▶ **Exercise goal**: Starting with the first line of the data that follows, transcribe every line verbatim until the line containing "-267.135996225), (6.164432395, -233.370948863))" has been transcribed.

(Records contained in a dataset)
↓
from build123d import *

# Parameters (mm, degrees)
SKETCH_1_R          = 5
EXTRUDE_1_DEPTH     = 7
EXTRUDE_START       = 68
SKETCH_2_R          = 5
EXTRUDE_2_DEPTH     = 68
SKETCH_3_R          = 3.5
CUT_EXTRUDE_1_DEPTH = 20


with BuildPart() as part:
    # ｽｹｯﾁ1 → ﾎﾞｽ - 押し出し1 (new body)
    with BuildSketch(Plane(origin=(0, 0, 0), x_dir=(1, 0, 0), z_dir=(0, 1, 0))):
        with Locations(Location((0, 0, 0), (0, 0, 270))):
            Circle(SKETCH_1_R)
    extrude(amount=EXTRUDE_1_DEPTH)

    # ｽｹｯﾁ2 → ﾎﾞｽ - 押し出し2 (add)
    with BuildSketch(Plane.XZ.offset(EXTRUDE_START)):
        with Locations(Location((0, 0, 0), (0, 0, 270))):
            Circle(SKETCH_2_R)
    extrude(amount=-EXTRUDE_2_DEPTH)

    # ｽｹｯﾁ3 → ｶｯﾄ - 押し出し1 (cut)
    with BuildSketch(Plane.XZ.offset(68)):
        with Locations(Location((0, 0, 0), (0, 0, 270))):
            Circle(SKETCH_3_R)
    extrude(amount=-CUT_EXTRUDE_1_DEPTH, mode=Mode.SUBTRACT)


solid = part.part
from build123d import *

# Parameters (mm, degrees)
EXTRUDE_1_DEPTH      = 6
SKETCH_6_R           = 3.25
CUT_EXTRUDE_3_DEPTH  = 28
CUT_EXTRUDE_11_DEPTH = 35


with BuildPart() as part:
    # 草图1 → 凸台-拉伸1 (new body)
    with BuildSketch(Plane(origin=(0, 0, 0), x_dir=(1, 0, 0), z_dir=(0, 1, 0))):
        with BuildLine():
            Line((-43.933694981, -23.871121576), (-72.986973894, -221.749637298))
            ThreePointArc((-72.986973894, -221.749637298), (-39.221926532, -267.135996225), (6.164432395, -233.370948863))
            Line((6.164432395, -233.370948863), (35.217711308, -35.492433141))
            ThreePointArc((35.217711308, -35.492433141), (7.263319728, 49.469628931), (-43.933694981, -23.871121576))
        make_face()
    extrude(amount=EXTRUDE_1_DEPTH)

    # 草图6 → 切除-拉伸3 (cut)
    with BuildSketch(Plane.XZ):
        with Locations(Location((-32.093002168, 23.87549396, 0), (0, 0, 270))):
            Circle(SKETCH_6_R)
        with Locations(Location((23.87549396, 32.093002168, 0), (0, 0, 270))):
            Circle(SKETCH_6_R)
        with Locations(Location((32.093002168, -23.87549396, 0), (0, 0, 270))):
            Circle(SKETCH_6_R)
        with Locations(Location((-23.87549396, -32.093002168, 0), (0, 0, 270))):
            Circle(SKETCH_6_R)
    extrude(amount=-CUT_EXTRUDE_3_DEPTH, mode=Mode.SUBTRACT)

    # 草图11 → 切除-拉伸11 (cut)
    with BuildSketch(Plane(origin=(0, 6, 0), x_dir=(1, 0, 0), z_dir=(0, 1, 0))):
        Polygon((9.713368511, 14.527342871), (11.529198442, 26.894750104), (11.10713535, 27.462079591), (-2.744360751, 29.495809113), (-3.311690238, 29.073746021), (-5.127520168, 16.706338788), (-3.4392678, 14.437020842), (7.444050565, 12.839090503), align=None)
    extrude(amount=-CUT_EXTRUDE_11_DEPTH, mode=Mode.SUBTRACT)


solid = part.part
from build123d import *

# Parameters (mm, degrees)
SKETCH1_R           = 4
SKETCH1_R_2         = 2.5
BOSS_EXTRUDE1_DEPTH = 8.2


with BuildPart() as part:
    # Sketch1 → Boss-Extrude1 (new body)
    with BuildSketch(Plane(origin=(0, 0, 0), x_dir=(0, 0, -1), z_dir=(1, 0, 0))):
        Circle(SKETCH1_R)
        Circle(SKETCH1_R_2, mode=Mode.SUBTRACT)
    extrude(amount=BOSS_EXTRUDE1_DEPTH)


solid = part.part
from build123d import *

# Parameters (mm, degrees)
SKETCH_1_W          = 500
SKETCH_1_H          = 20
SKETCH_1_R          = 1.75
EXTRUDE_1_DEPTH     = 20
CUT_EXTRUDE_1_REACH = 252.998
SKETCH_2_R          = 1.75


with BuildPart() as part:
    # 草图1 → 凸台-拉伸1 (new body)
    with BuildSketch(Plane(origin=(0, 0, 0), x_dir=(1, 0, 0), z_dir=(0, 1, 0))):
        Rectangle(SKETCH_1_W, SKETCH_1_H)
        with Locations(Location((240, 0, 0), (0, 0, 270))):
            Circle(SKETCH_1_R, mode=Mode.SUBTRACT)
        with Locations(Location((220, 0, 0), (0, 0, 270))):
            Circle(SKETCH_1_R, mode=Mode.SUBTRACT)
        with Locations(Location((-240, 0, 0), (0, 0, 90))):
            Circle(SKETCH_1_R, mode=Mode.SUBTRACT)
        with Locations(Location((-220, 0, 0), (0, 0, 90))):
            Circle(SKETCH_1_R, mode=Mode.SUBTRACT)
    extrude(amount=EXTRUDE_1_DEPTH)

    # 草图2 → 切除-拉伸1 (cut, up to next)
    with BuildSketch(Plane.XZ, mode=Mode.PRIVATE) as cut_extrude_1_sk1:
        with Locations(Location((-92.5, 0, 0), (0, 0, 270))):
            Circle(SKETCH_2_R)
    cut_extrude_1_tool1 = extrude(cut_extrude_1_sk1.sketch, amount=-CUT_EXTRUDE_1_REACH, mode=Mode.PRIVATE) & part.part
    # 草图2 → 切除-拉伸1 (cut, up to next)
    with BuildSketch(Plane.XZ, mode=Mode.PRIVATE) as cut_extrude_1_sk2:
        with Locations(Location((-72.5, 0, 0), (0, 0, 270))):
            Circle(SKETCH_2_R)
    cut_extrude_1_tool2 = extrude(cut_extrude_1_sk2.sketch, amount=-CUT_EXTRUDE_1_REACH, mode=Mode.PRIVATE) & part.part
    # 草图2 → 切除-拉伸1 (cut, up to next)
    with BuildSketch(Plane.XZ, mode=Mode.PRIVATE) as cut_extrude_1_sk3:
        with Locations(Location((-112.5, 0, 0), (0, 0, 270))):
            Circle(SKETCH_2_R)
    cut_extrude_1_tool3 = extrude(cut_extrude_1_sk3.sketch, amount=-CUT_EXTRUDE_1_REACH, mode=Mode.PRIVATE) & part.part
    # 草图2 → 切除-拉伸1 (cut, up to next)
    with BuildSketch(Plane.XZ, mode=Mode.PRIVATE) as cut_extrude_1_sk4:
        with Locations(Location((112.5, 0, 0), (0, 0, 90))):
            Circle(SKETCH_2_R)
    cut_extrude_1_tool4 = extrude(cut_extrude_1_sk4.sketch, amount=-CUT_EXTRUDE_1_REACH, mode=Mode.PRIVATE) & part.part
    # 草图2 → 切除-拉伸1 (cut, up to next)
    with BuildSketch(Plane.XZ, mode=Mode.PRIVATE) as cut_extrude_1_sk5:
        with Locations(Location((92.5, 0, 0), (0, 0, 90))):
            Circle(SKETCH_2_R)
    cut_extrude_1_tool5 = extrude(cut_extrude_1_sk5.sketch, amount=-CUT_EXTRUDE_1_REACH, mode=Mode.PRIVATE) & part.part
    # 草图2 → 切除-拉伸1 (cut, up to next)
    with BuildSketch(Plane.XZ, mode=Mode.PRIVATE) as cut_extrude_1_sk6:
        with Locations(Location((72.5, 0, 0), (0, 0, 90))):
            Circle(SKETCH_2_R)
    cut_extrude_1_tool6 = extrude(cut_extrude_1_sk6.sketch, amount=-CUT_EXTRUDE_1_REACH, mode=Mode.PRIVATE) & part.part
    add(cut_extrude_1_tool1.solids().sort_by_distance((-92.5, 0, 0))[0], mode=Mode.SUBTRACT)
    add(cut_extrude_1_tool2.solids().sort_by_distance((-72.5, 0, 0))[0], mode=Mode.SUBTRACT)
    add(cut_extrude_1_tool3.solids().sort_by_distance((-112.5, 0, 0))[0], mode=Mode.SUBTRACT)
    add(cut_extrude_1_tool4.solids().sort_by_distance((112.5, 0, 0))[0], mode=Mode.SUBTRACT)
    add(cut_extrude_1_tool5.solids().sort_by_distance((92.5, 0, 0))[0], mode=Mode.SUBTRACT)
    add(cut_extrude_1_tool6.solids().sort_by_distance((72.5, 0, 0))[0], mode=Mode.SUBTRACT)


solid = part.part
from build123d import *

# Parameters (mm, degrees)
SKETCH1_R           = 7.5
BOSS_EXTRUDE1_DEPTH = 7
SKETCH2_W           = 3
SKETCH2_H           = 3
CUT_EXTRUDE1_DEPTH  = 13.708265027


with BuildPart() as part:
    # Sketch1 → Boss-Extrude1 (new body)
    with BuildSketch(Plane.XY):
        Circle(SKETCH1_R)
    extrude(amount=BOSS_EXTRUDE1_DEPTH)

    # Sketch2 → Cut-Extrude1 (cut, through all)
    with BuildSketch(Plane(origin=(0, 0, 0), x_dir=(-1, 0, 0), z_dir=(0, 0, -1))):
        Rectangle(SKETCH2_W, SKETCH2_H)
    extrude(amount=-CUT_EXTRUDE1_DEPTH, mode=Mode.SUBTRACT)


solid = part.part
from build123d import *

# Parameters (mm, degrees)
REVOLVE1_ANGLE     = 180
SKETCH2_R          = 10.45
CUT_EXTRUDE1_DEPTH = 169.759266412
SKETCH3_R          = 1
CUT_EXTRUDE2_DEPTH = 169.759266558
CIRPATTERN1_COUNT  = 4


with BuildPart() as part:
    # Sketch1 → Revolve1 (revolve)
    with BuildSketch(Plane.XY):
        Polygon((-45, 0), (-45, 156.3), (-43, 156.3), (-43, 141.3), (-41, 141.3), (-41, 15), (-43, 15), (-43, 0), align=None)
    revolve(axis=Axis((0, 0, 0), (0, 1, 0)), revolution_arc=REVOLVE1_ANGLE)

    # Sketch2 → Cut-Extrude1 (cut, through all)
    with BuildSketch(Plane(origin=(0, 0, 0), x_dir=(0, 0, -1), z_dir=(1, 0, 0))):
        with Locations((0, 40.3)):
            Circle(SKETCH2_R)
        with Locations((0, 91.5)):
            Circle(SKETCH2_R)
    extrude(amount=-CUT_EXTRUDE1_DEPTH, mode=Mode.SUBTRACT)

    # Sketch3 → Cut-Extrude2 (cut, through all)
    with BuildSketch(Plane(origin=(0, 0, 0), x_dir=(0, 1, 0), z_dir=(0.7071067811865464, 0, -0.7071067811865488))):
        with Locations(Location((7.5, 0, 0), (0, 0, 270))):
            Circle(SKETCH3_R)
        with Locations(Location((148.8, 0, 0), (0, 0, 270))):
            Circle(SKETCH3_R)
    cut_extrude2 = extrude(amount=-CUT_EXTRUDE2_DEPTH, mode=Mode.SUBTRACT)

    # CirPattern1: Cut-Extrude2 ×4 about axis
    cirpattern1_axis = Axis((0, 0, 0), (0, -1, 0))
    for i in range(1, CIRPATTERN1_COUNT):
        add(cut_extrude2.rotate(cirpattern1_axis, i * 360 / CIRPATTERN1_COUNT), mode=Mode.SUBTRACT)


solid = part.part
↑
▶ **Answer below**:
from build123d import *

# Parameters (mm, degrees)
SKETCH_1_R          = 5
EXTRUDE_1_DEPTH     = 7
EXTRUDE_START       = 68
SKETCH_2_R          = 5
EXTRUDE_2_DEPTH     = 68
SKETCH_3_R          = 3.5
CUT_EXTRUDE_1_DEPTH = 20


with BuildPart() as part:
    # ｽｹｯﾁ1 → ﾎﾞｽ - 押し出し1 (new body)
    with BuildSketch(Plane(origin=(0, 0, 0), x_dir=(1, 0, 0), z_dir=(0, 1, 0))):
        with Locations(Location((0, 0, 0), (0, 0, 270))):
            Circle(SKETCH_1_R)
    extrude(amount=EXTRUDE_1_DEPTH)

    # ｽｹｯﾁ2 → ﾎﾞｽ - 押し出し2 (add)
    with BuildSketch(Plane.XZ.offset(EXTRUDE_START)):
        with Locations(Location((0, 0, 0), (0, 0, 270))):
            Circle(SKETCH_2_R)
    extrude(amount=-EXTRUDE_2_DEPTH)

    # ｽｹｯﾁ3 → ｶｯﾄ - 押し出し1 (cut)
    with BuildSketch(Plane.XZ.offset(68)):
        with Locations(Location((0, 0, 0), (0, 0, 270))):
            Circle(SKETCH_3_R)
    extrude(amount=-CUT_EXTRUDE_1_DEPTH, mode=Mode.SUBTRACT)


solid = part.part
from build123d import *

# Parameters (mm, degrees)
EXTRUDE_1_DEPTH      = 6
SKETCH_6_R           = 3.25
CUT_EXTRUDE_3_DEPTH  = 28
CUT_EXTRUDE_11_DEPTH = 35


with BuildPart() as part:
    # 草图1 → 凸台-拉伸1 (new body)
    with BuildSketch(Plane(origin=(0, 0, 0), x_dir=(1, 0, 0), z_dir=(0, 1, 0))):
        with BuildLine():
            Line((-43.933694981, -23.871121576), (-72.986973894, -221.749637298))
            ThreePointArc((-72.986973894, -221.749637298), (-39.221926532, -267.135996225), (6.164432395, -233.370948863))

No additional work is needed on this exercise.